It's like people holding out hope on Dwight Howard. The first guy who turns down being the No. 1 pick in the draft out of HS with guaranteed money, is a fool IMO. 

Tim Duncan, was an anomaly. Too many things can happen (just look at Jay Williams as an example).


----------



## Bron_Melo_ROY (Apr 12, 2004)

the only reason why nbadraft.net has him going 4th overall is because they felt they needed to change things up no matter how stupid it makes them look.


----------



## Cap (Nov 5, 2003)

Odd they'd even move him period. 4th is just confusing. _Why_?


----------



## Yao Mania (Aug 4, 2003)

meh. Mocks are pretty meaningless at thsi point anyway, esp. a 2006 one. That's the thing with mocks, they don't really have to explain anything at this point, it's all relative. They're probably messing around so ppl would check out their websites. 

Draftcity's gotta update their player profiles though... not everyone is up yet


----------



## SheriffKilla (Jan 1, 2004)

i predict that Oden's draft stock will continue to drop until the end of the season


----------



## ChrisCrossover (Sep 27, 2004)

... based on what? 

To me, mentioning "Oden" and "dropping" in one sentence can only result in "Oden is dropping points on his opponents".


----------



## SheriffKilla (Jan 1, 2004)

based on the fact that i've seen him play and he isnt that great


----------



## bender (Jul 15, 2002)

> Originally posted by <b>Whiterhino</b>!
> They are starting to annoy me, they just move people around for no reason...Oden at 4 is RIDICULOUS!

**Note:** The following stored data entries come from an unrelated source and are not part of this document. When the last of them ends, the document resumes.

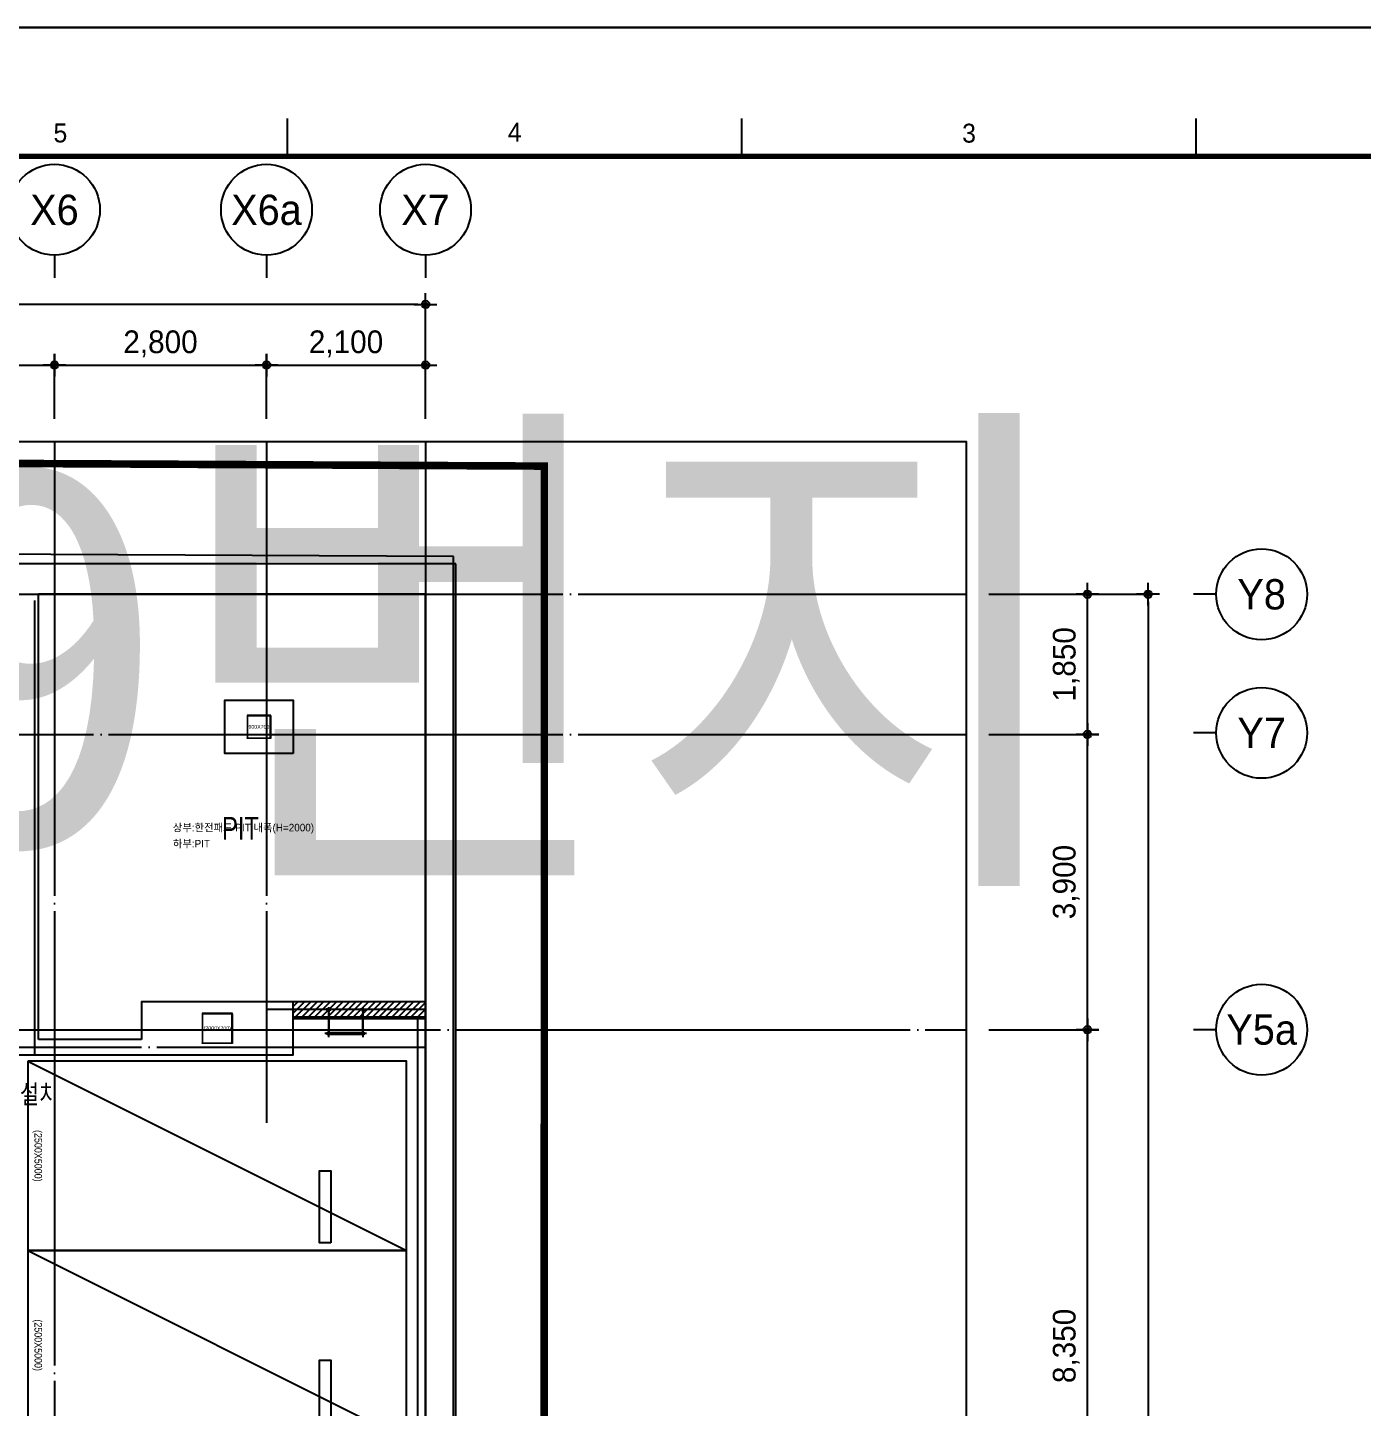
# Model space of a CAD drawing. Header units: millimetres. Extents: x 0 to 1390178, y 0 to 110113.
# Drawn here: x 392567 to 410195, y 41181 to 59400 of the extents above; entities that cross this region are included whole.
import ezdxf
from ezdxf.enums import TextEntityAlignment as Align
from ezdxf.xclip import XClip

# ---------------------------------------------------------------- set-up
doc = ezdxf.new("R2018")
doc.units = ezdxf.units.MM
doc.header["$LTSCALE"] = 100
doc.header["$XCLIPFRAME"] = 0
for name, pattern in [('X - 평면도$0$CEN', [62, 60, -1, 0, -1]), ('X - 평면도$0$HIDDEN', [0.375, 0.25, -0.125]), ('X - 평면도$0$PHANTOM2', [50, 40, -2, 2, -2, 2, -2])]:
    doc.linetypes.add(name, pattern=pattern)
doc.layers.get('DEFPOINTS').update_dxf_attribs({"color": 145})
for name, color, linetype in [('AA-XXXX-DIMS', 7, 'Continuous'), ('AA-XXXX-TEXT', 3, 'Continuous'), ('DIM', 7, 'Continuous'), ('X - SHEET$0$AA-BORD-FORM', 7, 'Continuous'), ('X - SHEET$0$AA-BORD-TEXT', 3, 'Continuous'), ('X - 평면도$0$! □-COL', 2, 'Continuous'), ('X - 평면도$0$0-구역계', 1, 'Continuous'), ('X - 평면도$0$A-FIN', 8, 'Continuous'), ('X - 평면도$0$AA-WAXM-BLOK', 3, 'Continuous'), ('X - 평면도$0$AA-WAXM-CONC', 2, 'Continuous'), ('X - 평면도$0$AA-XXXX-CNTL', 1, 'X - 평면도$0$CEN'), ('X - 평면도$0$AA-XXXX-PARK', 8, 'Continuous'), ('X - 평면도$0$AA-XXXX-PATT', 8, 'Continuous'), ('X - 평면도$0$벽배수판', 6, 'Continuous'), ('X - 평면도$0$사다리', 7, 'Continuous')]:
    doc.layers.add(name, color=color, linetype=linetype)
doc.layers.add('X - 평면도$0$A-GUIDE TEXT', color=67, linetype='Continuous', plot=False)
doc.layers.add('X - 평면도$0$DEFPOINT', color=163, linetype='Continuous', plot=False)
doc.styles.add('HAUD01', font='Dotum.ttf')
doc.styles.get("Standard").update_dxf_attribs({"font": 'Dotum.ttf'})
doc.styles.add('X - SHEET$0$HAUD01', font='Dotum.ttf')
doc.styles.add('X - 평면도$0$HAUD01', font='Dotum.ttf')
doc.styles.add('X - 평면도$0$STANDARD', font='Dotum.ttf')
doc.dimstyles.new('HAUD-100', dxfattribs={"dimscale": 100, "dimtxt": 3, "dimasz": 1, "dimexe": 0, "dimexo": 3, "dimgap": 1, "dimtad": 1, "dimdec": 0, "dimdsep": 46, "dimlunit": 6, "dimtxsty": 'HAUD01', "dimblk": 'DIMDOT', "dimcen": 2.5, "dimdle": 1.5, "dimclrd": 7, "dimclre": 7, "dimclrt": 3, "dimadec": 0, "dimazin": 0, "dimtfac": 1, "dimtdec": 0, "dimtix": 1, "dimtmove": 2, "dimatfit": 3, "dimfxl": 1, "dimtvp": 1, "dimtolj": 1, "dimtzin": 0, "dimarcsym": 0})

# ---------------------------------------------------------------- blocks, each defined once
blk = doc.blocks.new('X - SHEET$0$HAUDsheetV')
at = {"layer": 'X - SHEET$0$AA-BORD-FORM', "color": 2}
for p, q in [((601, 577), (601, 582)), ((661, 577), (661, 582)), ((721, 577), (721, 582))]:
    blk.add_line(p, q, dxfattribs=at)
at = {"layer": 'X - SHEET$0$AA-BORD-FORM', "color": 1}
blk.add_lwpolyline([(1, 0), (841, 0), (841, 594), (1, 594)], close=True, dxfattribs=at)
at = {"layer": 'X - SHEET$0$AA-BORD-FORM', "color": 2, "const_width": 0.682}
blk.add_lwpolyline([(21, 17), (21, 577), (821, 577), (821, 17)], close=True, dxfattribs=at)
at = {"layer": 'X - SHEET$0$AA-BORD-TEXT', "color": 7, "style": 'X - SHEET$0$HAUD01'}
for s, p in [('5', (571, 580.09)), ('4', (631, 580.19)), ('3', (691, 580.06))]:
    blk.add_text(s, height=2.5, dxfattribs=at).set_placement(p, align=Align.MIDDLE_CENTER)
at = {"layer": 'X - SHEET$0$AA-BORD-TEXT', "color": 3, "style": 'X - SHEET$0$HAUD01'}
for tag, p in [('PJCode', (786, 567.94)), ('작성자', (786.11, 194.82)), ('검토자', (786.11, 181.82)), ('최종검토자', (786.11, 168.82)), ('승인자', (786.11, 155.82)), ('일자', (786.83, 144.02)), ('개정번호', (812, 65.92))]:
    blk.add_attdef(tag, text='', height=3, dxfattribs=at).set_placement(p, align=Align.MIDDLE_CENTER)
at = {"layer": 'X - SHEET$0$AA-BORD-TEXT', "color": 3, "lineweight": 30, "flags": 104}
blk.add_attdef('PJTitle', text='', height=4, dxfattribs=at).set_placement((787.25, 536.62), align=Align.MIDDLE_CENTER)
blk = doc.blocks.new('X - SHEET')
ref = blk.add_blockref('X - SHEET$0$HAUDsheetV', (-100, 0), dxfattribs=dict(xscale=100, yscale=100, zscale=100))
lines = blk.add_mtext('중랑구 상봉동 116-49번지 일원 2030 청년주택 \\P신축공사', dxfattribs={"layer": 'X - SHEET$0$AA-BORD-TEXT', "color": 3, "insert": (78625, 53662), "char_height": 5056.52, "attachment_point": 1})
ref.add_attrib('PJTitle', '', (78625, 53662), dxfattribs={"flags": 104}).embed_mtext(lines)
blk = doc.blocks.new('DIMDOT')
at = {"layer": 'AA-XXXX-DIMS'}
for p, q in [((-1.5, 0), (1.5, 0)), ((0, -1.5), (0, 1.5))]:
    blk.add_line(p, q, dxfattribs=at)
for radius in [0.5, 0.25]:
    blk.add_circle((0, 0), radius, dxfattribs=at)
blk = doc.blocks.new('*D264')
at = {"color": 7, "lineweight": -2, "transparency": 16777216}
for p, q in [((-46117, 35787), (-46117, 37298)), ((-1667, 37298), (-46017, 37298)), ((-1567, 35787), (-1567, 37298))]:
    blk.add_line(p, q, dxfattribs=at)
at = {"layer": 'DEFPOINTS', "color": 0, "transparency": 16777216}
for p in [(-46117, 37298), (-46117, 35487, 0), (-1567, 35487, 0)]:
    blk.add_point(p, dxfattribs=at)
at = {"color": 7, "lineweight": -2, "transparency": 16777216, "xscale": 100, "yscale": 100, "zscale": 100, "rotation": 180}
blk.add_blockref('DIMDOT', (-46117, 37298), dxfattribs=at)
at = {"color": 7, "lineweight": -2, "transparency": 16777216, "xscale": 100, "yscale": 100, "zscale": 100}
blk.add_blockref('DIMDOT', (-1567, 37298), dxfattribs=at)
at = {"color": 3, "transparency": 16777216, "insert": (-23842, 37577), "char_height": 300, "attachment_point": 5, "style": 'HAUD01'}
blk.add_mtext('\\A1;44,550', dxfattribs=at)
blk = doc.blocks.new('*D268')
at = {"color": 7, "lineweight": -2, "transparency": 16777216}
for p, q in [((-11317, 35787), (-11317, 36498)), ((-11217, 36498), (-6567, 36498)), ((-6467, 35787), (-6467, 36498))]:
    blk.add_line(p, q, dxfattribs=at)
at = {"layer": 'DEFPOINTS', "color": 0, "transparency": 16777216}
for p in [(-6467, 36498), (-11317, 35487, 0), (-6467, 35487, 0)]:
    blk.add_point(p, dxfattribs=at)
at = {"color": 7, "lineweight": -2, "transparency": 16777216, "xscale": 100, "yscale": 100, "zscale": 100, "rotation": 180}
blk.add_blockref('DIMDOT', (-11317, 36498), dxfattribs=at)
at = {"color": 7, "lineweight": -2, "transparency": 16777216, "xscale": 100, "yscale": 100, "zscale": 100}
blk.add_blockref('DIMDOT', (-6467, 36498), dxfattribs=at)
at = {"color": 3, "transparency": 16777216, "insert": (-8892, 36777), "char_height": 300, "attachment_point": 5, "style": 'HAUD01'}
blk.add_mtext('\\A1;4,850', dxfattribs=at)
blk = doc.blocks.new('*D269')
at = {"color": 7, "lineweight": -2, "transparency": 16777216}
for p, q in [((-6467, 35787), (-6467, 36498)), ((-6367, 36498), (-3767, 36498)), ((-3667, 35787), (-3667, 36498))]:
    blk.add_line(p, q, dxfattribs=at)
at = {"layer": 'DEFPOINTS', "color": 0, "transparency": 16777216}
for p in [(-3667, 36498), (-6467, 35487, 0), (-3667, 35487, 0)]:
    blk.add_point(p, dxfattribs=at)
at = {"color": 7, "lineweight": -2, "transparency": 16777216, "xscale": 100, "yscale": 100, "zscale": 100, "rotation": 180}
blk.add_blockref('DIMDOT', (-6467, 36498), dxfattribs=at)
at = {"color": 7, "lineweight": -2, "transparency": 16777216, "xscale": 100, "yscale": 100, "zscale": 100}
blk.add_blockref('DIMDOT', (-3667, 36498), dxfattribs=at)
at = {"color": 3, "transparency": 16777216, "insert": (-5067, 36777), "char_height": 300, "attachment_point": 5, "style": 'HAUD01'}
blk.add_mtext('\\A1;2,800', dxfattribs=at)
blk = doc.blocks.new('*D288')
at = {"color": 7, "lineweight": -2, "transparency": 16777216}
for p, q in [((5874, 31621), (7174, 31621)), ((7174, 27821), (7174, 31521)), ((5874, 27721), (7174, 27721))]:
    blk.add_line(p, q, dxfattribs=at)
at = {"layer": 'DEFPOINTS', "color": 0, "transparency": 16777216}
for p in [(5574, 31621, 0), (7174, 31621), (5574, 27721, 0)]:
    blk.add_point(p, dxfattribs=at)
at = {"color": 7, "lineweight": -2, "transparency": 16777216, "xscale": 100, "yscale": 100, "zscale": 100}
for p, rotation in [((7174, 31621), 90), ((7174, 27721), 270)]:
    blk.add_blockref('DIMDOT', p, dxfattribs=dict(at, rotation=rotation))
at = {"color": 3, "transparency": 16777216, "insert": (6895, 29671), "char_height": 300, "attachment_point": 5, "rotation": 90, "style": 'HAUD01'}
blk.add_mtext('\\A1;3,900', dxfattribs=at)
blk = doc.blocks.new('*D289')
at = {"color": 7, "lineweight": -2, "transparency": 16777216}
for p, q in [((5874, 33471), (7974, 33471)), ((7974, 33371), (7974, -13459)), ((5874, -13559), (7974, -13559))]:
    blk.add_line(p, q, dxfattribs=at)
at = {"layer": 'DEFPOINTS', "color": 0, "transparency": 16777216}
for p in [(5574, 33471, 0), (5574, -13559, 0), (7974, -13559)]:
    blk.add_point(p, dxfattribs=at)
at = {"color": 7, "lineweight": -2, "transparency": 16777216, "xscale": 100, "yscale": 100, "zscale": 100}
for p, rotation in [((7974, 33471), 90), ((7974, -13559), 270)]:
    blk.add_blockref('DIMDOT', p, dxfattribs=dict(at, rotation=rotation))
at = {"color": 3, "transparency": 16777216, "insert": (7695, 9956), "char_height": 300, "attachment_point": 5, "rotation": 90, "style": 'HAUD01'}
blk.add_mtext('\\A1;47,030', dxfattribs=at)
blk = doc.blocks.new('*D290')
at = {"color": 7, "lineweight": -2, "transparency": 16777216}
for p, q in [((5874, 33471), (7174, 33471)), ((7174, 31721), (7174, 33371)), ((5874, 31621), (7174, 31621))]:
    blk.add_line(p, q, dxfattribs=at)
at = {"layer": 'DEFPOINTS', "color": 0, "transparency": 16777216}
for p in [(5574, 33471, 0), (7174, 33471), (5574, 31621, 0)]:
    blk.add_point(p, dxfattribs=at)
at = {"color": 7, "lineweight": -2, "transparency": 16777216, "xscale": 100, "yscale": 100, "zscale": 100}
for p, rotation in [((7174, 33471), 90), ((7174, 31621), 270)]:
    blk.add_blockref('DIMDOT', p, dxfattribs=dict(at, rotation=rotation))
at = {"color": 3, "transparency": 16777216, "insert": (6895, 32546), "char_height": 300, "attachment_point": 5, "rotation": 90, "style": 'HAUD01'}
blk.add_mtext('\\A1;1,850', dxfattribs=at)
blk = doc.blocks.new('*D291')
at = {"color": 7, "lineweight": -2, "transparency": 16777216}
for p, q in [((5874, 27721), (7174, 27721)), ((7174, 19471), (7174, 27621)), ((5874, 19371), (7174, 19371))]:
    blk.add_line(p, q, dxfattribs=at)
at = {"layer": 'DEFPOINTS', "color": 0, "transparency": 16777216}
for p in [(5574, 27721, 0), (7174, 27721), (5574, 19371, 0)]:
    blk.add_point(p, dxfattribs=at)
at = {"color": 7, "lineweight": -2, "transparency": 16777216, "xscale": 100, "yscale": 100, "zscale": 100}
for p, rotation in [((7174, 27721), 90), ((7174, 19371), 270)]:
    blk.add_blockref('DIMDOT', p, dxfattribs=dict(at, rotation=rotation))
at = {"color": 3, "transparency": 16777216, "insert": (6895, 23546), "char_height": 300, "attachment_point": 5, "rotation": 90, "style": 'HAUD01'}
blk.add_mtext('\\A1;8,350', dxfattribs=at)
blk = doc.blocks.new('*D302')
at = {"color": 7, "lineweight": -2, "transparency": 16777216}
for p, q in [((-3667, 35787), (-3667, 36498)), ((-3567, 36498), (-1667, 36498)), ((-1567, 35787), (-1567, 36498))]:
    blk.add_line(p, q, dxfattribs=at)
at = {"layer": 'DEFPOINTS', "color": 0, "transparency": 16777216}
for p in [(-1567, 36498), (-3667, 35487), (-1567, 35487)]:
    blk.add_point(p, dxfattribs=at)
at = {"color": 7, "lineweight": -2, "transparency": 16777216, "xscale": 100, "yscale": 100, "zscale": 100, "rotation": 180}
blk.add_blockref('DIMDOT', (-3667, 36498), dxfattribs=at)
at = {"color": 7, "lineweight": -2, "transparency": 16777216, "xscale": 100, "yscale": 100, "zscale": 100}
blk.add_blockref('DIMDOT', (-1567, 36498), dxfattribs=at)
at = {"color": 3, "transparency": 16777216, "insert": (-2617, 36777), "char_height": 300, "attachment_point": 5, "style": 'HAUD01'}
blk.add_mtext('\\A1;2,100', dxfattribs=at)
blk = doc.blocks.new('*U1022')
at = {"color": 9, "linetype": 'X - 평면도$0$HIDDEN'}
for p, q in [((-232, 120), (-255, 120)), ((-255, 120), (-255, 114)), ((-232, 114), (-255, 114)), ((-228, 110), (-228, 0)), ((-222, 110), (-222, 0)), ((-218, 120), (-195, 120)), ((-218, 114), (-195, 114)), ((-195, 120), (-195, 114)), ((218, 120), (195, 120)), ((195, 120), (195, 114)), ((218, 114), (195, 114)), ((222, 110), (222, 0)), ((228, 110), (228, 0)), ((232, 120), (255, 120)), ((232, 114), (255, 114)), ((255, 120), (255, 114))]:
    blk.add_line(p, q, dxfattribs=at)
for centre, radius, start, end in [((-232, 110), 10, 0, 90), ((-232, 110), 4, 0, 90), ((-218, 110), 10, 90, 134.427), ((-218, 110), 4, 90, 180), ((218, 110), 10, 0, 90), ((218, 110), 4, 0, 90), ((232, 110), 10, 90, 134.427), ((232, 110), 4, 90, 180)]:
    blk.add_arc(centre, radius, start, end, dxfattribs=at)
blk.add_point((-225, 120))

> Originally posted by <b>Bron_Melo_ROY</b>!
> the only reason why nbadraft.net has him going 4th overall is because they felt they needed to change things up no matter how stupid it makes them look.


Did you guys notice that there are other high school players, probably as good as Oden if not better? Ok, what separates Oden is that he's a seven-footer, but he's no Lew Alcindor. He's no lock for #1.
I remember at some point in 2001 we had Kendrick Perkins ranked at #2 in the 2003 mock, just because everyone thought he'd be the next Shaq or whatever. In 2002 we had Derrick Caracter drawing national attention about his _high school_ choice. DC was dealt as #1 in 2006 as well.
Now things have changed. I don't see why Odens draft stock can't drop, too.


----------



## Cap (Nov 5, 2003)

> Originally posted by <b>fjkdsi</b>!
> based on the fact that i've seen him play and he isnt that great


:laugh:


----------



## JNice (Jul 13, 2002)

> Originally posted by <b>fjkdsi</b>!
> based on the fact that i've seen him play and he isnt that great


Aren't you the same guy that said Brian Cardinal was a top 10 NBA player?


----------



## HKF (Dec 10, 2002)

> Originally posted by <b>bender</b>!
> 
> 
> 
> ...


Kendrick Perkins was found out to be 6'9-6'10 that's why and it was on NBA.draft.net, which has proven time and again they have no concept when it comes to doing their rankings. They just do it for shock value.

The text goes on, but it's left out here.